IANAVegan, but I’m really not surprised that strict practitioners would refuse to eat honey.

My take on this, as a non-vegan is this: eating honey is a concept that fairly closely parallels using dairy products. They’re all animal products. You don’t have to kill the animal to get them, but you do have to divert those products from the purpose which nature originally intended. So it would really be a surprise to me if a true vegan would eat honey and not drink milk, or vice-versa.

I wonder if any vegans argue that leather is OK, based on the notion that the animal must die at some point, regardless of how that happens.

I don’t think most vegans would think that leather is OK just because it’s a by-product. I’m not comfortable with leather (although I do buy leather shoes when what I need isn’t available otherwise. I’m still squeamish about it-does that count?), and I’m not vegan. Most don’t even want to talk about it because then they have to face arguments about how synthetics are horrible for the environment, and so forth.

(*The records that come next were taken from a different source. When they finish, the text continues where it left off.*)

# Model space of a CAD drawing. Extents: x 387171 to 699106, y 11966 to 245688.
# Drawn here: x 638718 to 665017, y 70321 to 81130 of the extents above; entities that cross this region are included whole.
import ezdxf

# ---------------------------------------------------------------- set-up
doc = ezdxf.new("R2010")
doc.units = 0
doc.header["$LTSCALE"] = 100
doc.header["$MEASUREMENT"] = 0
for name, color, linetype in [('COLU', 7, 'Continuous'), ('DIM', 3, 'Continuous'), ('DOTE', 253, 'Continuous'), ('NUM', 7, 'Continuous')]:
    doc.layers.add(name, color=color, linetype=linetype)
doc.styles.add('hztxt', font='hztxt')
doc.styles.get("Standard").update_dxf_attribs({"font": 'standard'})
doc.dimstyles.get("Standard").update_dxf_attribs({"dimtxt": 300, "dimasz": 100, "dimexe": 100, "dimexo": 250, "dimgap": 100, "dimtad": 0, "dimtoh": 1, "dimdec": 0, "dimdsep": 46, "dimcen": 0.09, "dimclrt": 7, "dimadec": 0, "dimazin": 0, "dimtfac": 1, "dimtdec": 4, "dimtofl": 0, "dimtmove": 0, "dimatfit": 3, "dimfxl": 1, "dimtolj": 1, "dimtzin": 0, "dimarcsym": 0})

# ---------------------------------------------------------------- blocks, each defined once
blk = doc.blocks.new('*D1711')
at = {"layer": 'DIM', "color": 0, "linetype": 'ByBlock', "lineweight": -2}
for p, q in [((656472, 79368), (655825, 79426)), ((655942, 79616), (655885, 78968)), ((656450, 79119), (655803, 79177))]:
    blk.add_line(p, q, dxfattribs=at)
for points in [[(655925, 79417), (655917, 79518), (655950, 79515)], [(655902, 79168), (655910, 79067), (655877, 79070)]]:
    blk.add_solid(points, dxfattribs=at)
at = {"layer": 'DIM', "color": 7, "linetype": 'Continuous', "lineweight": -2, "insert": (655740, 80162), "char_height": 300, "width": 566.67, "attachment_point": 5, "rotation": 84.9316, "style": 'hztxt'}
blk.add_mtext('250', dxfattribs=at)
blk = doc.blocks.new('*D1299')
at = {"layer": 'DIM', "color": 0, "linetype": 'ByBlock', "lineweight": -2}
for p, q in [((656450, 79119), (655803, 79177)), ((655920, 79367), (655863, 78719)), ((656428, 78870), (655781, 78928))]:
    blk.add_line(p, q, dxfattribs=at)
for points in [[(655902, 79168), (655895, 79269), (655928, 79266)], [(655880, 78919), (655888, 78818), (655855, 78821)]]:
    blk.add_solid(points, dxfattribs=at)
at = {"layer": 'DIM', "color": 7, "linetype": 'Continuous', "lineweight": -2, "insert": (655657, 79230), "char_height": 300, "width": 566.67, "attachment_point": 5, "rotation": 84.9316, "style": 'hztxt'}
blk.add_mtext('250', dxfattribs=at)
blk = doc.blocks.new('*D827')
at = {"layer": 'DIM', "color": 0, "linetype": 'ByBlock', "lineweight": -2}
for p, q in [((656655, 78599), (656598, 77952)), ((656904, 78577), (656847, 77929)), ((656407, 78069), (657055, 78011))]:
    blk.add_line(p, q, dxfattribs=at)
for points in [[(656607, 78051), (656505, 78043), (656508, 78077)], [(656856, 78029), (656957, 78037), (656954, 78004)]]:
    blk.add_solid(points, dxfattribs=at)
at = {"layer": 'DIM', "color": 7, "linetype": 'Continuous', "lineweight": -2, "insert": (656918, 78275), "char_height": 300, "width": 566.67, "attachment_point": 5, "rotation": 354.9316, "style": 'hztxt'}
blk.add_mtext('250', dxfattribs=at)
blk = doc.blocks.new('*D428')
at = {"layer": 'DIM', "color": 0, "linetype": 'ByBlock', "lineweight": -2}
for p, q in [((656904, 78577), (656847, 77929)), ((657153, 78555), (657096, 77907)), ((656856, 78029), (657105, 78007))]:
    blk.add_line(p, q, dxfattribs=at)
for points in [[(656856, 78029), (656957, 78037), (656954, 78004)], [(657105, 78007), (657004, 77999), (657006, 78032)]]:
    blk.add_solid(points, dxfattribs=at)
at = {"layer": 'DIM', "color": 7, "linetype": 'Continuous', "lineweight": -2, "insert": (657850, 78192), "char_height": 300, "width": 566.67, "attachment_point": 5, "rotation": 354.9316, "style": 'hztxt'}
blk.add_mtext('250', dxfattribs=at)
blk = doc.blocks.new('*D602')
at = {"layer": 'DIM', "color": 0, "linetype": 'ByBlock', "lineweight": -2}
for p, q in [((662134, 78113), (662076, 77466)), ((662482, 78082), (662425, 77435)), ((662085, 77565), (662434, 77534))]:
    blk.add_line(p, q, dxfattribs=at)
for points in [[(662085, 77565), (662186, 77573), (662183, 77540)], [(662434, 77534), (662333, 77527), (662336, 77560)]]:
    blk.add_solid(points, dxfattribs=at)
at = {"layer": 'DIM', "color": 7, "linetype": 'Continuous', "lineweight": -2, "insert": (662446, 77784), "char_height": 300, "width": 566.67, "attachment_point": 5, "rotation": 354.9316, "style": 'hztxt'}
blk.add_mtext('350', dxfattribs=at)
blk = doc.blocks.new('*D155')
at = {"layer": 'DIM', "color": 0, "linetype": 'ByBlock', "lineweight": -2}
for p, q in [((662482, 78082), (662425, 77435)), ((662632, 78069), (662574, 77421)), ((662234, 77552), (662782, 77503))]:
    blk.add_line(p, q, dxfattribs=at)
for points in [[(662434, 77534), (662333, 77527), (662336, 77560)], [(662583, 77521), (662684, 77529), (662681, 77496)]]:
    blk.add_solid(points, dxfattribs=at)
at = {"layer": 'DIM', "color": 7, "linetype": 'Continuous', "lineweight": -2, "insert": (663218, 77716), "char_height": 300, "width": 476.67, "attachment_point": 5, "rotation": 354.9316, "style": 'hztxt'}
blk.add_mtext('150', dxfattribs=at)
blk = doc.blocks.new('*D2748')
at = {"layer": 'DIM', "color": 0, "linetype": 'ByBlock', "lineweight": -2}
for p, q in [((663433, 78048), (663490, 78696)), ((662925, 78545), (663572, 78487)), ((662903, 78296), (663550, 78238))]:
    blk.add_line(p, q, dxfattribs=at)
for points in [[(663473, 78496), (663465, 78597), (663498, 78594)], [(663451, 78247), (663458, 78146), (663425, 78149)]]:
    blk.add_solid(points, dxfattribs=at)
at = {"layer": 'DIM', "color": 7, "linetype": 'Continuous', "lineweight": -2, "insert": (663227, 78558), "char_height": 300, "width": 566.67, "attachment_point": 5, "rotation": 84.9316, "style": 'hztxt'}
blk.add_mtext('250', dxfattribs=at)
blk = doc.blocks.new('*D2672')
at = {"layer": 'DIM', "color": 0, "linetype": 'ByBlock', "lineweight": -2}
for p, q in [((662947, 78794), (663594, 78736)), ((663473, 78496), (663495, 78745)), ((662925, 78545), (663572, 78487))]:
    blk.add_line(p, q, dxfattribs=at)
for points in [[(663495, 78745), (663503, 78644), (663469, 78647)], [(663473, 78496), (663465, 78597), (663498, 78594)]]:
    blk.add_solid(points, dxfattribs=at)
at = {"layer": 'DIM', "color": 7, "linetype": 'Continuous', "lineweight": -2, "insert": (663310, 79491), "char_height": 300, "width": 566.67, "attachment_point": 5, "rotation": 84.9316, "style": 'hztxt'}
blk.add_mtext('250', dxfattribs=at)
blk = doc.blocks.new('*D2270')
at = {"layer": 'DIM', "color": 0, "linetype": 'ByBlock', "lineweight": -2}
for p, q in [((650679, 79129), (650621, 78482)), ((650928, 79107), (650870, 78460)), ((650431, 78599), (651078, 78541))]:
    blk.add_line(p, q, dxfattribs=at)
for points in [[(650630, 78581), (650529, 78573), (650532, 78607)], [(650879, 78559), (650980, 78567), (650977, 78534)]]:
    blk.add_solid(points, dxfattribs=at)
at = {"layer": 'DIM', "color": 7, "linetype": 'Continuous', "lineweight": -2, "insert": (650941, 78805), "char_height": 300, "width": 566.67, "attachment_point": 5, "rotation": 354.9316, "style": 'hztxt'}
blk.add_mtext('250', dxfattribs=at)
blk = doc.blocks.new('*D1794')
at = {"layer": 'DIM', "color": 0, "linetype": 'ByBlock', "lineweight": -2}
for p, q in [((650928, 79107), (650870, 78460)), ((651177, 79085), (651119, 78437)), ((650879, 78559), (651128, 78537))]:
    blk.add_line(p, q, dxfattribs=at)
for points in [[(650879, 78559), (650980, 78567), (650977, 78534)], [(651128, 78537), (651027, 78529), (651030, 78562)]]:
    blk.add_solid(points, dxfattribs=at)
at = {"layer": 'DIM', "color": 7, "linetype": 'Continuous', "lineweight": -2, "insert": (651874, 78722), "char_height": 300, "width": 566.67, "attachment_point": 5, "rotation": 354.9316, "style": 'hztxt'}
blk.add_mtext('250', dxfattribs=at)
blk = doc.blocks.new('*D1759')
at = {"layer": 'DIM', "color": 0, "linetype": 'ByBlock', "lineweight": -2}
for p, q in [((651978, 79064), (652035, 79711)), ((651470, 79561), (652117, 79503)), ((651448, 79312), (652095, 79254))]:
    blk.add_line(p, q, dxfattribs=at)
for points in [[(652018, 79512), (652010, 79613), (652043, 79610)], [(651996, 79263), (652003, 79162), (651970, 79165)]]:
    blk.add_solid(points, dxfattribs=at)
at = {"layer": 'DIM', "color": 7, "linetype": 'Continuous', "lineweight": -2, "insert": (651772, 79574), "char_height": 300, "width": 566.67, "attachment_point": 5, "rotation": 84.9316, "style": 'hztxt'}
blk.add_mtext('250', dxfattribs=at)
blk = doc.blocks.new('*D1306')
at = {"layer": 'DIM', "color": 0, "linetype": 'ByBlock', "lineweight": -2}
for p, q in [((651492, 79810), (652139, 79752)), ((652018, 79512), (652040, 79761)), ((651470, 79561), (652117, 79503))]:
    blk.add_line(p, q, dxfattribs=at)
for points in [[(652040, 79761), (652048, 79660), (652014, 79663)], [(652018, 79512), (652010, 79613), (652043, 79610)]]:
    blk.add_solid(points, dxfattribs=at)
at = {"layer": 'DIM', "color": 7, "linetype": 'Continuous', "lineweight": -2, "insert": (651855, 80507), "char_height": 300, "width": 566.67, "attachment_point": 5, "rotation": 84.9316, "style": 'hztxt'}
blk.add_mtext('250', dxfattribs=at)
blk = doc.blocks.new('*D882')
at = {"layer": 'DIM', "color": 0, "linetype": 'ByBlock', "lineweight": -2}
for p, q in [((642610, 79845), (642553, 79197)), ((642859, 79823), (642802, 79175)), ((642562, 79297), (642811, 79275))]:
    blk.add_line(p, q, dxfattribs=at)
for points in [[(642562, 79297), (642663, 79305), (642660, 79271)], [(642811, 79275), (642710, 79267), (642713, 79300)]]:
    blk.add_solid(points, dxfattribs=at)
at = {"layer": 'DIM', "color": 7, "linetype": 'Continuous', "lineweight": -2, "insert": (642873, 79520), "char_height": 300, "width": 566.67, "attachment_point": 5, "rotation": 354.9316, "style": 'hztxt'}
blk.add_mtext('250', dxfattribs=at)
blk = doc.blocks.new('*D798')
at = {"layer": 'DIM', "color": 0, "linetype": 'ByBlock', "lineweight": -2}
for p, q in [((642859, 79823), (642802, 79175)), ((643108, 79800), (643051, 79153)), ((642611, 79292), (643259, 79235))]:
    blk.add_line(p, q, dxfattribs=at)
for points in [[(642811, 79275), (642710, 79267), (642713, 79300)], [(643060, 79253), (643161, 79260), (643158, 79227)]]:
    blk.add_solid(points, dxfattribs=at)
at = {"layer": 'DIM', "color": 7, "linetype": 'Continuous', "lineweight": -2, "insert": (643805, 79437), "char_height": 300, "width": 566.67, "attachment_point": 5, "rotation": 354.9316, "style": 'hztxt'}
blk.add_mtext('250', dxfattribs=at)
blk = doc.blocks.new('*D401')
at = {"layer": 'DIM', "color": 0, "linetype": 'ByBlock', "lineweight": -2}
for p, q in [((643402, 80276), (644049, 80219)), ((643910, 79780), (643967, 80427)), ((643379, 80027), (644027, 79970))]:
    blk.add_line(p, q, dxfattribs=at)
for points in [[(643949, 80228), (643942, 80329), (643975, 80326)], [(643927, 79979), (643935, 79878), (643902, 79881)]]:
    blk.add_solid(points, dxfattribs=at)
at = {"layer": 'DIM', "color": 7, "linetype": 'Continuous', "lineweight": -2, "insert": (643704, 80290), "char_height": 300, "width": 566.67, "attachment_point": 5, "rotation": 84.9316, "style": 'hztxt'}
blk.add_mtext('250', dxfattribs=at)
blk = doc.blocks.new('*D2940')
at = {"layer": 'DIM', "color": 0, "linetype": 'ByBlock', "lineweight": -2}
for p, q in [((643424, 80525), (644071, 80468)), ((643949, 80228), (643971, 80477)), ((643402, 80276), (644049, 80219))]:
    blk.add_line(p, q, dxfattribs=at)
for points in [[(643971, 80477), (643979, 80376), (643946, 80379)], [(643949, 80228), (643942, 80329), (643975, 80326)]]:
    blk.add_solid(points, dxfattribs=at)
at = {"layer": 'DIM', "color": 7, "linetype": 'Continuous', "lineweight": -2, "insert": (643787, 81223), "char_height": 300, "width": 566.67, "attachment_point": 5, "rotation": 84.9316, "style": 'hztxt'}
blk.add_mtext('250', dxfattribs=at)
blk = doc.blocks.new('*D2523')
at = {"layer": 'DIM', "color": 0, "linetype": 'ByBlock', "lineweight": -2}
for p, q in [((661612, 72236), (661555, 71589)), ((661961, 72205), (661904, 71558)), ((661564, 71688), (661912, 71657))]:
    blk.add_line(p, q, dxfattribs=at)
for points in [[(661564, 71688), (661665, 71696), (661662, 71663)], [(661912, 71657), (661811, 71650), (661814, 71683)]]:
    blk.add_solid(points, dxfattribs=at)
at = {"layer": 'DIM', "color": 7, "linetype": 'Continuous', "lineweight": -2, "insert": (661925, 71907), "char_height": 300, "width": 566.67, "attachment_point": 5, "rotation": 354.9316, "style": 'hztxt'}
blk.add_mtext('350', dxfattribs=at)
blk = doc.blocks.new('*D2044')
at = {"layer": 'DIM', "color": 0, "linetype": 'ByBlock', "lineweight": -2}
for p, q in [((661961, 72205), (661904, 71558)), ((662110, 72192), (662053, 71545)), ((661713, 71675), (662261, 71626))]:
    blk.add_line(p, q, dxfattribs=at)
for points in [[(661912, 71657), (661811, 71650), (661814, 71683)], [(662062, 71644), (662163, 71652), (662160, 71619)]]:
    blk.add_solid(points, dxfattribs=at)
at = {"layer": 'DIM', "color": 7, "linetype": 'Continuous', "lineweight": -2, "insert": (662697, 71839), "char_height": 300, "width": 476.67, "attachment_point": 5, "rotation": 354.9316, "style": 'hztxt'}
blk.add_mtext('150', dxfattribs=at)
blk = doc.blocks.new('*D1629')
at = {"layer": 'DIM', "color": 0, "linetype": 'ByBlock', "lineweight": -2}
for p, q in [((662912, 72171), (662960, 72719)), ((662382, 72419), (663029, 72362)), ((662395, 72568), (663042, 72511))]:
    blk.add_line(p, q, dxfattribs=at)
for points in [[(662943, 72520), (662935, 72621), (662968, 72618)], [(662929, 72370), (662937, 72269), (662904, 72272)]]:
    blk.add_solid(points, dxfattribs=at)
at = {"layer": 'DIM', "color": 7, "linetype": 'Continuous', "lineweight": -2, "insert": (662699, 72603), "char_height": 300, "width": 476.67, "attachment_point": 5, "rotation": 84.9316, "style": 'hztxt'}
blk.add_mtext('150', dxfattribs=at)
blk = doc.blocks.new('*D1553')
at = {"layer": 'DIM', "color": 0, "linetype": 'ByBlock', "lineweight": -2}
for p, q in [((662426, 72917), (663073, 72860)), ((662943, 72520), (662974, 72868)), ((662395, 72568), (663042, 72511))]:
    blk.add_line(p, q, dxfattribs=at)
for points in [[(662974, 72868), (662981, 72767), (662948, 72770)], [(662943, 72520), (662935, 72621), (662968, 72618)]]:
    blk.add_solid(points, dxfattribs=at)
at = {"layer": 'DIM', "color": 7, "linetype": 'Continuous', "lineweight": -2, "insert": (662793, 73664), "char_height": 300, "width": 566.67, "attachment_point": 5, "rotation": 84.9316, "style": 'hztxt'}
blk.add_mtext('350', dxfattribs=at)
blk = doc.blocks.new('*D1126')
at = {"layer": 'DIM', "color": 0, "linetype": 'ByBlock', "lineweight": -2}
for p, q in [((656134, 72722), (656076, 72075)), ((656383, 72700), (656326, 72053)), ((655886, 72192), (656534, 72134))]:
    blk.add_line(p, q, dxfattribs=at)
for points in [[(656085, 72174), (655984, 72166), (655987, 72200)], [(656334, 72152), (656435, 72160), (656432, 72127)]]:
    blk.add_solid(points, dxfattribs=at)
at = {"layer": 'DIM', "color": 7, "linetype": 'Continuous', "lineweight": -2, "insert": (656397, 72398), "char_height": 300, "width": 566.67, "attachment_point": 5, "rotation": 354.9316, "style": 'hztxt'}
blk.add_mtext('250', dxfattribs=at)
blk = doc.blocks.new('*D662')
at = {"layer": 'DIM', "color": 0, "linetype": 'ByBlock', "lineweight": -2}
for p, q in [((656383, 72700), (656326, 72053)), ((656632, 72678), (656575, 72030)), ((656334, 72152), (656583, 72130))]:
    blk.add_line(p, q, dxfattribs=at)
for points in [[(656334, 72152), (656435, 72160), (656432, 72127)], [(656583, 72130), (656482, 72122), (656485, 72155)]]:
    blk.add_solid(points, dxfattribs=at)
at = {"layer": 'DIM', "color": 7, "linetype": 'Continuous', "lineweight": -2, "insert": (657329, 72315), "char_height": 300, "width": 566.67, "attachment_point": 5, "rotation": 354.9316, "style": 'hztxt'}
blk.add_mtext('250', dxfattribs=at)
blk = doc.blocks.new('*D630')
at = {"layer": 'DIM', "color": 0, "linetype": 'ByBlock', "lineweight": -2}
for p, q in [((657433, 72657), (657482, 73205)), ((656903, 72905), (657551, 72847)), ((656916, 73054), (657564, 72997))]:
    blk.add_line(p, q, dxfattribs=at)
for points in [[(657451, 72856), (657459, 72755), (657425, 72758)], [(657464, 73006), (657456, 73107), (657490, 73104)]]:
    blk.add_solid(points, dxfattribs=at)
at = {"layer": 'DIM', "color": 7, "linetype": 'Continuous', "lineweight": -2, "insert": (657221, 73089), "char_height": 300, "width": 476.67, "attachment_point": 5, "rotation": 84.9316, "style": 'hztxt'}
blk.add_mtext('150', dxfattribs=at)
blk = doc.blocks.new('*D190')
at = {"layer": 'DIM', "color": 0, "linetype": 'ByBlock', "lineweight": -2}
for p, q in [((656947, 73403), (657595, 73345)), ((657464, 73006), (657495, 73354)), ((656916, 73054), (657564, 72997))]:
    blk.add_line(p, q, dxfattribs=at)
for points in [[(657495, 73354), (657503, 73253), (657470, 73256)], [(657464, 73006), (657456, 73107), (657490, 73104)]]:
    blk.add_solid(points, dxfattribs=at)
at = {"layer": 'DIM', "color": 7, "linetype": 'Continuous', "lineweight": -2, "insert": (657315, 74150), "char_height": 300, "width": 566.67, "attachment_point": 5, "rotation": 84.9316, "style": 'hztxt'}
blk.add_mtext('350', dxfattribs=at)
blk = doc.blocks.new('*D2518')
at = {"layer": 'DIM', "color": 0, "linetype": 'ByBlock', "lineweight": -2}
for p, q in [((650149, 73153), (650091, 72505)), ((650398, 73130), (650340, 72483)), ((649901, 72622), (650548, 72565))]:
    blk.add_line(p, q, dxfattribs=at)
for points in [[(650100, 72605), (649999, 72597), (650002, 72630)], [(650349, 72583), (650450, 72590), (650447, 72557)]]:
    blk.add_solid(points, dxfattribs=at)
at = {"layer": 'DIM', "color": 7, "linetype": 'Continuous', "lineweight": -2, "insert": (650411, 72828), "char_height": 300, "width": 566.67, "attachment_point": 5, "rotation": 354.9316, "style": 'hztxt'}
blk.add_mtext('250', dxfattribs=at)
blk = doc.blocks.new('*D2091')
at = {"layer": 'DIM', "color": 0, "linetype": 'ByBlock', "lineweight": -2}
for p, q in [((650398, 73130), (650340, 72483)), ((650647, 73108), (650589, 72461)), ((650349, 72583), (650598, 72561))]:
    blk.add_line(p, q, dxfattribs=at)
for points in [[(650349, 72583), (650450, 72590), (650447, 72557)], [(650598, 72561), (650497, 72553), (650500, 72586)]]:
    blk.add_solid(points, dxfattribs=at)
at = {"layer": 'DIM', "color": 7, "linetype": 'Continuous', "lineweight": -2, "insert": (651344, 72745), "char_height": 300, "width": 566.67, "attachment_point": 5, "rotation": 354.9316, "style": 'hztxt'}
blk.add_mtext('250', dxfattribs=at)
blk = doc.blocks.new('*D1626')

In my opinion, no choice is perfect, a person just has to do what they’re comfortable with, and hopefully not judge others who are comfortable with something else (within the law, of course). :cool:

I don’t think you could say vegans have “gone too far” until they start, say, lobbying for legislation outlawing honey. Until then, as others have pointed out, what they choose to eat or not to eat is their business.

What if a vegan doesn’t really have any strong feelings about animals but just really hates plants?

I think I remember from somewhere that as they harvest honey, inevitably some bees get killed as the hives are opened, the wax is scraped away, etc. Can’t find a cite for that, though, sorry.

So it’s not just that we are stealing from the bees, but we’re pretty careless about their individual welfare as well.

The bees themselves are pretty casual about that, too, being willing to sacrfice individuals for the sake of the hive, but, whatever.

What other people decide to eat ain’t no skin off my nose. As long as they don’t start spalshing me with red paint and chanting “Honey is murder” at me, I wouldn’t say they’re going too far.

Yay, I’m a yahoo. Yahoo Serious, I hope. :\

I’m just saying that it fascinates me that people have such strict beliefs. Be it involving religion, or the food they consume, or what have you. Then again, there are people who find my slovenly American habits peculiar and outlandish as well.

I’ll have to admit though, I just want to know a counterpoint to the honey thing. I, myself, have slowly become vegetarian… and… gosh darn it they have a point with the honey.

How could vegans possibly go too far? - they’re all so weak and feeble from malnutrition, they can hardly go anywhere.

As fate would have it, Good Eats tonight is about honey, so I can add a minor correction. No bees around when they get to the wax-scraping part. So any bee-death would occur when the hives are opened and the trays removed.